10. The facts in this case paralleled those in the third situation in the previous case: a husband and wife partnership applied to be group registered with the husband alone. The judge agreed with the Commissioner that there was discernible legal control of one party over the other. Therefore group registration was not allowed.

GST group registration of trusts

11. The purpose of the TIB item GST Group Registration of Trusts is stated to be “to provide an overview of the rules that relate to the GST group registration of trusts. The “General rule” is stated as follows:
“Each trust is different. Accordingly, the standard position is that no person controls the trustees, and a trust cannot be part of a GST group simply by virtue of it being under the trusteeship of the same person as another member of the group.”
12. A trust can have discernible legal control of another person:
  1. The trustees will have discernible legal control over a company when the trust holds more than 50% of the voting power in respect of shareholder decision-making rights. It is stated in the TIB item that this assumes that the trustees have the power to hold shares and vote at company meetings, in terms of the relevant trust deed.

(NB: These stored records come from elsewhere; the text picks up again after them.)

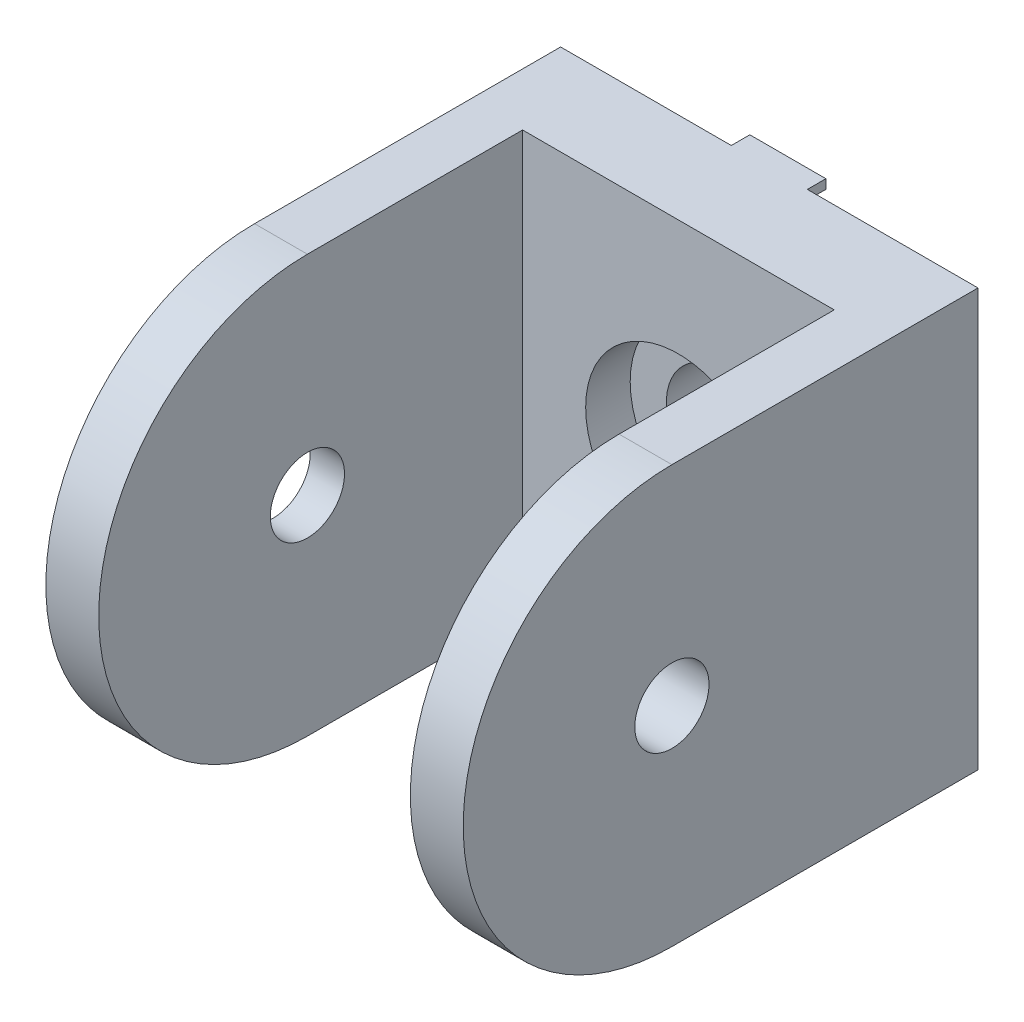
SolidWorks part; units mm, degrees
ref_plane "前视基准面" through (0, 0, 0) normal (0, 0, 1) x (1, 0, 0)
ref_plane "上视基准面" through (0, 0, 0) normal (0, 1, 0) x (1, 0, 0)
ref_plane "右视基准面" through (0, 0, 0) normal (1, 0, 0) x (0, 0, -1)
sketch "草图1" plane through (0, 0, 0) normal (0, 0, 1) x (1, 0, 0)
  line L1 (-22.5, -22.5) -> (22.5, -22.5)
  line L2 (-22.5, -22.5) -> (-22.5, 22.5)
  line L3 (-22.5, 22.5) -> (22.5, 22.5)
  line L4 (22.5, -22.5) -> (22.5, 22.5)
  line L5 (-22.5, -22.5) -> (22.5, 22.5) construction
  line L6 (-22.5, 22.5) -> (22.5, -22.5) construction
  point P0 (0, 0)
  dimension "D1" = 45
  dimension "D2" = 45
extrude "凸台-拉伸1" add sketch "草图1" along normal blind 9.8
sketch "草图2" plane through (0, 0, 9.8) normal (0, 0, 1) x (1, 0, 0)
  line L0 (22.5, 22.5) -> (-22.5, 22.5) construction
  line L1 (-22.5, -22.5) -> (-16.8, -22.5)
  line L2 (-22.5, -22.5) -> (-22.5, 22.5)
  line L3 (-22.5, 22.5) -> (-16.8, 22.5)
  line L4 (-16.8, -22.5) -> (-16.8, 22.5)
  line L5 (0, 0) -> (0, 12.8397) construction
  line L6 (22.5, -22.5) -> (16.8, -22.5)
  line L7 (22.5, -22.5) -> (22.5, 22.5)
  line L8 (16.8, -22.5) -> (16.8, 22.5)
  line L9 (22.5, 22.5) -> (16.8, 22.5)
  dimension "D1" = 5.7
extrude "凸台-拉伸2" add sketch "草图2" along normal blind 45.7
sketch "草图3" plane through (-22.5, 0, 0) normal (-1, 0, 0) x (0, 0, 1)
  line L0 (55.5, 22.5) -> (55.5, -22.5) construction
  line L1 (55.5, 22.5) -> (0, 22.5) construction
  line L2 (33, -22.5) -> (33, 22.5) construction
  arc A0 (33, -22.5) -> (33, 22.5) centre (33, 0) ccw
  dimension "D1" = 45
extrude "切除-拉伸2" cut sketch "草图3" against normal through all and the other way through all flip side to cut
sketch "草图4" plane through (-22.5, 0, 0) normal (-1, 0, 0) x (0, 0, 1)
  circle A0 centre (33, 0) radius 4
  dimension "D1" = 8
extrude "切除-拉伸3" cut sketch "草图4" against normal through all
sketch "草图5" plane through (-22.5, 0, 0) normal (-1, 0, 0) x (0, 0, 1)
  circle A0 centre (33, 0) radius 8
  dimension "D1" = 16
extrude "切除-拉伸4" cut sketch "草图5" against normal blind 2
sketch "草图6" plane through (0, 0, 9.8) normal (0, 0, 1) x (1, 0, 0)
  circle A0 centre (0, 0) radius 6.1
  dimension "D1" = 12.2
extrude "切除-拉伸5" cut sketch "草图6" against normal through all
sketch "草图7" plane through (0, 0, 0) normal (0, 0, -1) x (-1, 0, 0)
  line L0 (-22.5, 22.5) -> (22.5, 22.5) construction
  line L1 (-4.1, 22.5) -> (4.1, 22.5)
  line L2 (-4.1, 22.5) -> (-4.1, 21.5)
  line L3 (-4.1, 21.5) -> (4.1, 21.5)
  line L4 (4.1, 22.5) -> (4.1, 21.5)
  line L5 (0, 0) -> (-9.0525, 0) construction
  line L6 (4.1, -22.5) -> (4.1, -21.5)
  line L7 (-4.1, -22.5) -> (-4.1, -21.5)
  line L8 (-4.1, -21.5) -> (4.1, -21.5)
  line L9 (-4.1, -22.5) -> (4.1, -22.5)
  point P9 (0, 22.5)
  point P10 (0, 22.5)
  dimension "D1" = 8.2
  dimension "D2" = 1
extrude "凸台-拉伸3" add sketch "草图7" along normal blind 2
sketch "草图8" plane through (0, 0, 9.8) normal (0, 0, 1) x (1, 0, 0)
  circle A0 centre (0, 0) radius 10
extrude "切除-拉伸6" cut sketch "草图8" against normal blind 4.8
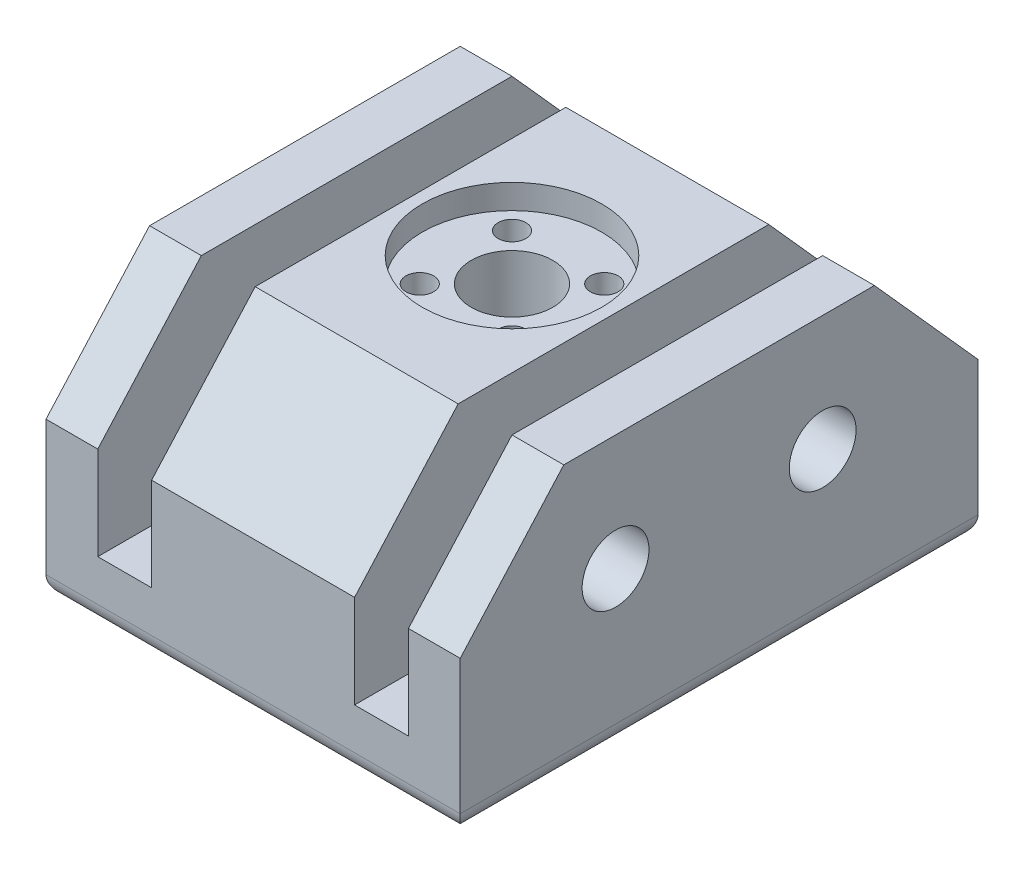
SolidWorks part; units mm, degrees
ref_plane "Front Plane" through (0, 0, 0) normal (0, 0, 1) x (1, 0, 0)
ref_plane "Top Plane" through (0, 0, 0) normal (0, 1, 0) x (1, 0, 0)
ref_plane "Right Plane" through (0, 0, 0) normal (1, 0, 0) x (0, 0, -1)
sketch "Sketch1" plane through (0, 0, 0) normal (1, 0, 0) x (0, 0, -1)
  line L1 (0, 0) -> (63.5, 0)
  line L2 (0, 0) -> (0, 6.35)
  line L3 (0, 6.35) -> (63.5, 6.35)
  line L4 (63.5, 0) -> (63.5, 6.35)
  dimension "D1" = 6.35
  dimension "D2" = 63.5
extrude "Boss-Extrude1" add sketch "Sketch1" against normal blind 50.8
sketch "Sketch2" plane through (0, 0, 0) normal (1, 0, 0) x (0, 0, -1)
  line L0 (0, 6.35) -> (0, 19.05)
  line L1 (0, 19.05) -> (12.7, 33.249)
  line L2 (12.7, 33.249) -> (50.8, 33.249)
  line L3 (50.8, 33.249) -> (63.5, 19.05)
  line L4 (63.5, 19.05) -> (63.5, 6.35)
  line L5 (63.5, 6.35) -> (0, 6.35)
  point P7 (31.75, 33.249)
  point P10 (31.75, 6.35)
  dimension "D1" = 38.1
  dimension "D2" = 12.7
  dimension "D3" = 12.7
  dimension "D4" = 19.05
  dimension "D5" = 19.05
extrude "Boss-Extrude2" add sketch "Sketch2" against normal blind 50.8
sketch "Sketch10" plane through (0, 0, -63.5) normal (0, 0, -1) x (-1, 0, 0)
  line L1 (50.8, 33.249) -> (0, 33.249) construction
  line L3 (6.35, 7.62) -> (6.35, 33.249)
  line L4 (6.35, 33.249) -> (12.954, 33.249)
  line L5 (12.954, 7.62) -> (12.954, 33.249)
  line L6 (6.35, 7.62) -> (12.954, 7.62)
  line L8 (50.8, 0) -> (0, 0) construction
  point P11 (12.954, 7.62)
  dimension "D1" = 7.62
  dimension "D2" = 6.604
  dimension "D3" = 6.35
extrude "Cut-Extrude1" cut sketch "Sketch10" against normal through all
pattern_linear "LPattern3" count 2 spacing 31.496 along (-1, 0, 0) of "Cut-Extrude1"
sketch "Sketch11" plane through (0, 0, 0) normal (1, 0, 0) x (0, 0, -1)
  circle A0 centre (19.05, 19.05) radius 4.0957
  circle A1 centre (19.05, 19.05) radius 7.9375 construction
  circle A2 centre (44.45, 19.05) radius 4.0958
  circle A3 centre (44.45, 19.05) radius 7.9375 construction
  dimension "D1" = 8.1915
  dimension "D3" = 15.875
  dimension "D4" = 8.1915
  dimension "D6" = 15.875
  dimension "D2" = 6.35
  dimension "D5" = 6.35
extrude "Cut-Extrude2" cut sketch "Sketch11" against normal through all
sketch "Sketch14" plane through (0, 33.249, 0) normal (0, 1, 0) x (1, 0, 0)
  line L3 (-37.846, 12.7) -> (-37.846, 50.8) construction
  point P0 (-25.4, 31.75)
  point P4 (-37.846, 31.75)
  dimension "D1" = 12.446
sketch "Sketch17" plane through (0, 40.0201, -44.7438) normal (0, 0.6667, -0.7454) x (-1, 0, 0)
  line L0 (12.954, -28.1343) -> (12.954, -9.0843) construction
  line L1 (37.846, -9.0843) -> (12.954, -9.0843) construction
  point P0 (25.4, -18.6093)
  point P4 (12.954, -18.6093)
  point P7 (25.4, -9.0843)
sketch "Sketch18" plane through (0, 8.4667, 9.466) normal (0, 0.6667, 0.7454) x (1, 0, 0)
  line L0 (-12.954, 33.249) -> (-12.954, 14.199) construction
  line L1 (-37.846, 33.249) -> (-12.954, 33.249) construction
  point P0 (-25.4, 23.724)
  point P1 (-25.4, 23.724)
  point P4 (-12.954, 23.724)
  point P7 (-25.4, 33.249)
ref_plane "Plane2" through (0, 33.02, 0) normal (0, -1, 0) x (-1, 0, 0)
fillet "Fillet1" radius 2.54 4 edges at (0, 0, -31.75) (-50.8, 0, -31.75) (-25.4, 0, 0) (-25.4, 0, -63.5)
sketch "Sketch21" plane through (0, 0, 0) normal (0, -1, 0) x (1, 0, 0)
  line L0 (-25.4, -63.5) -> (-25.4, 0) construction
  line L1 (-50.8, -63.5) -> (0, -63.5) construction
  line L2 (-50.8, 0) -> (0, 0) construction
  line L3 (-50.8, -31.75) -> (0, -31.75) construction
  line L4 (-50.8, 0) -> (-50.8, -63.5) construction
  line L5 (0, 0) -> (0, -63.5) construction
  circle A0 centre (-31.0569, -37.4069) radius 1.7
  circle A1 centre (-31.0569, -26.0931) radius 1.7
  circle A2 centre (-19.7431, -26.0931) radius 1.7
  circle A3 centre (-19.7431, -37.4069) radius 1.7
  point P14 (-25.4, -31.75)
  point P24 (-25.4, -31.75)
  dimension "D1" = 3.4
  dimension "D2" = 8
  dimension "D4" = 4
sketch "Sketch22" plane through (0, 33.249, 0) normal (0, -1, 0) x (1, 0, 0)
  line L1 (-25.4, -63.5) -> (-25.4, 0) construction
  line L2 (-50.8, -63.5) -> (0, -63.5) construction
  line L3 (-50.8, 0) -> (0, 0) construction
  line L4 (0, -31.75) -> (-50.8, -31.75) construction
  line L6 (0, 0) -> (0, -63.5) construction
  line L7 (-50.8, 0) -> (-50.8, -63.5) construction
  circle A1 centre (-25.4, -31.75) radius 11
  dimension "D1" = 22
extrude "Cut-Extrude7" cut sketch "Sketch21" against normal up to next
extrude "Cut-Extrude8" cut sketch "Sketch22" along normal blind 3
sketch "Sketch24" plane through (0, 0, 0) normal (0, -1, 0) x (1, 0, 0)
  line L0 (-25.4, -63.5) -> (-25.4, 0) construction
  line L1 (-50.8, -63.5) -> (0, -63.5) construction
  line L2 (-50.8, 0) -> (0, 0) construction
  line L3 (0, -31.75) -> (-50.8, -31.75) construction
  line L4 (0, 0) -> (0, -63.5) construction
  line L5 (-50.8, 0) -> (-50.8, -63.5) construction
  circle A0 centre (-25.4, -31.75) radius 5
  dimension "D1" = 10
extrude "Cut-Extrude10" cut sketch "Sketch24" against normal through all
sketch "Sketch28" plane through (0, 0, 0) normal (0, -1, 0) x (1, 0, 0)
  circle A0 centre (-19.7431, -37.4069) radius 3.125
  circle A1 centre (-25.4, -31.75) radius 8 construction
  circle A2 centre (-31.0569, -37.4069) radius 3.125
  circle A3 centre (-31.0569, -26.0931) radius 3.125
  circle A4 centre (-19.7431, -26.0931) radius 3.125
  point P16 (-25.4, -31.75)
  dimension "D1" = 6.25
  dimension "D2" = 4
extrude "Cut-Extrude11" cut sketch "Sketch28" against normal blind 5
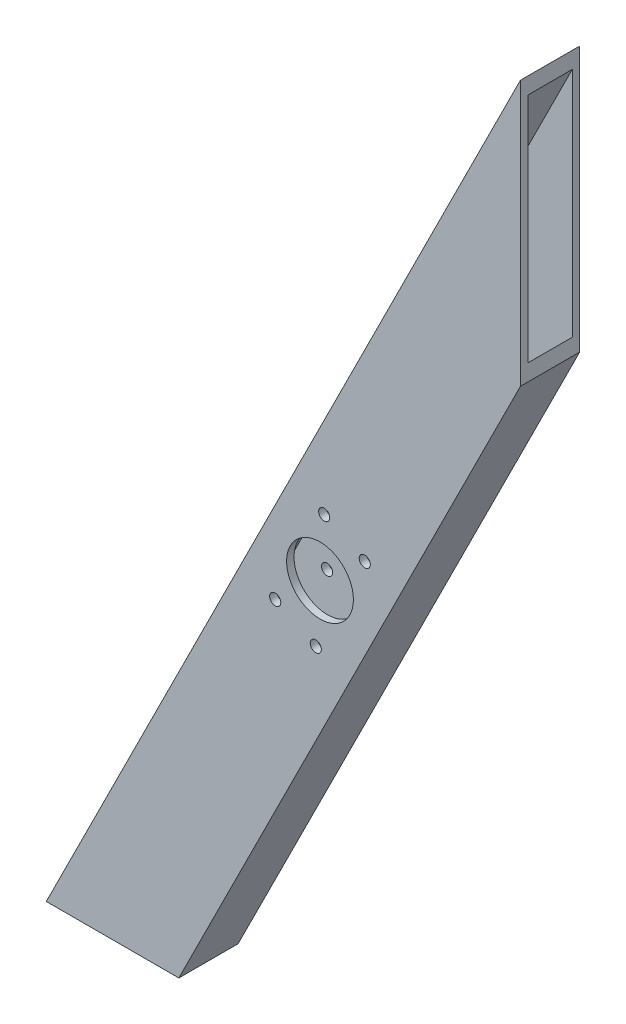
SolidWorks part; units mm, degrees
material "6063-T1"
ref_plane "Front Plane" through (0, 0, 0) normal (0, 0, 1) x (1, 0, 0)
ref_plane "Top Plane" through (0, 0, 0) normal (0, 1, 0) x (1, 0, 0)
ref_plane "Right Plane" through (0, 0, 0) normal (1, 0, 0) x (0, 0, -1)
sketch "Sketch1" plane through (0, 0, 0) normal (0, 0, 1) x (1, 0, 0)
  line L0 (0, 0) -> (203.2, 406.4)
  line L1 (203.2, 406.4) -> (203.2, 292.8077)
  line L2 (203.2, 292.8077) -> (56.7961, 0)
  line L3 (56.7961, 0) -> (0, 0)
  dimension "D1" = 203.2
  dimension "D2" = 406.4
  dimension "D3" = 50.8
extrude "Boss-Extrude1" add sketch "Sketch1" along normal blind 25.4
shell "Shell1" thickness 3.175 removed face at (203.2, 349.6039, 12.7) removed face at (28.3981, 0, 12.7)
sketch "Sketch2" plane through (0, 0, 25.4) normal (0, 0, 1) x (1, 0, 0)
  line L0 (56.7961, 0) -> (203.2, 292.8077) construction
  line L1 (3.5498, 0) -> (53.2464, 0) construction
  circle A0 centre (117.2981, 177.8) radius 14.3129
  dimension "D2" = 28.6258
  dimension "D1" = 25.4
  dimension "D3" = 177.8
extrude "Cut-Extrude1" cut sketch "Sketch2" against normal through all
sketch "Sketch3" plane through (0, 0, 25.4) normal (0, 0, 1) x (1, 0, 0)
  line L0 (136.4866, 194.4421) -> (105.0742, 210.1483) construction
  line L1 (203.2, 406.4) -> (0, 0) construction
  circle A0 centre (117.2981, 177.8) radius 25.4 construction
  circle A1 centre (136.4866, 194.4421) radius 2.3813
  circle A2 centre (142.6342, 175.9994) radius 2.3812
  circle A3 centre (133.9402, 158.6115) radius 2.3813
  circle A4 centre (115.4975, 152.4639) radius 2.3813
  circle A5 centre (98.1095, 161.1579) radius 2.3813
  circle A6 centre (91.962, 179.6006) radius 2.3813
  circle A7 centre (100.6559, 196.9885) radius 2.3813
  circle A8 centre (119.0986, 203.1361) radius 2.3813
  point P22 (117.2981, 177.8)
  dimension "D1" = 50.8
  dimension "D2" = 4.7625
  dimension "D3" = 8
extrude "Cut-Extrude2" cut sketch "Sketch3" against normal through all contours A8 | A1 | A5 | A4 region at (136.4866, 194.4421, 25.4) region at (115.4975, 152.4639, 25.4) region at (98.1095, 161.1579, 25.4) region at (119.0986, 203.1361, 25.4)

  2. A trustee can have discernible legal control over a partnership under the terms of the partnership agreement. According to the TIB item, this will be generally be dictated by the level of voting power.

  3. It is stated in the TIB item that in certain circumstances, a trustee is able to group with another trust under section 55(8). This includes situations involving trustees of subtrusts. Just as the trustee of the principal trust will have control of the trust because of the terms of the deed, where this power in respect of the subtrust is vested in the trustees of the principal trust then it may be considered to control the trustees of the subtrust. It is stated that careful analysis of the terms of the relevant deed will normally be required before Inland Revenue will accept this.
13. There are 3 examples provided in the TIB item:
  1. Example 1 concerns 3 co-trustees of a family trust who also own 80% of a company between them. The trust and the company cannot be grouped because the trustees of the family trust are not acting on their own behalf could be removed. Inland Revenue does not consider that the same persons control both entities.

  2. Example 2 concerns a trust that owns 60% of a company. The sole trustee has discernible legal control of the company because of the trust’s 60% shareholding, so the trust and the company can be grouped.

  3. Example 3 concerns a trust and a sub-trust. The corporate trustee of the head trust formed the sub-trust and the trustee of the head trust has the power to deal with the sub-trust for the financial betterment of its beneficiaries and to appoint and remove the trustees of the sub-trust. The corporate trustee is the trustee of both trusts and trusts are “linked together beneficially in the principal deed” so the trusts can be grouped for GST purposes. Apparently, this reasoning will also apply where two or more independent trusts are governed by the same or similar trustees.
C of IR v Letica

14. In this case, the taxpayer controlled his company and was group registered with his company under s. 55(8) of the GST Act. The effect of that was that Mr Letica was the representative of the group and that he was personally liable for the group’s GST liabilities.

15. The case is an example of the application of s. 55(8). However, it also provides a warning. The taxpayer agued that he had not been properly appraised of the consequences of group registration by Inland Revenue. However, associate judge Bell noted that:
“That is because he had a tax agent acting for him. The tax agent made the application for group registration on behalf of Mr Letica and his company. The Inland Revenue was entitled to assume that the tax agent who had arranged for group registration would have advised Mr Letica about the consequences.”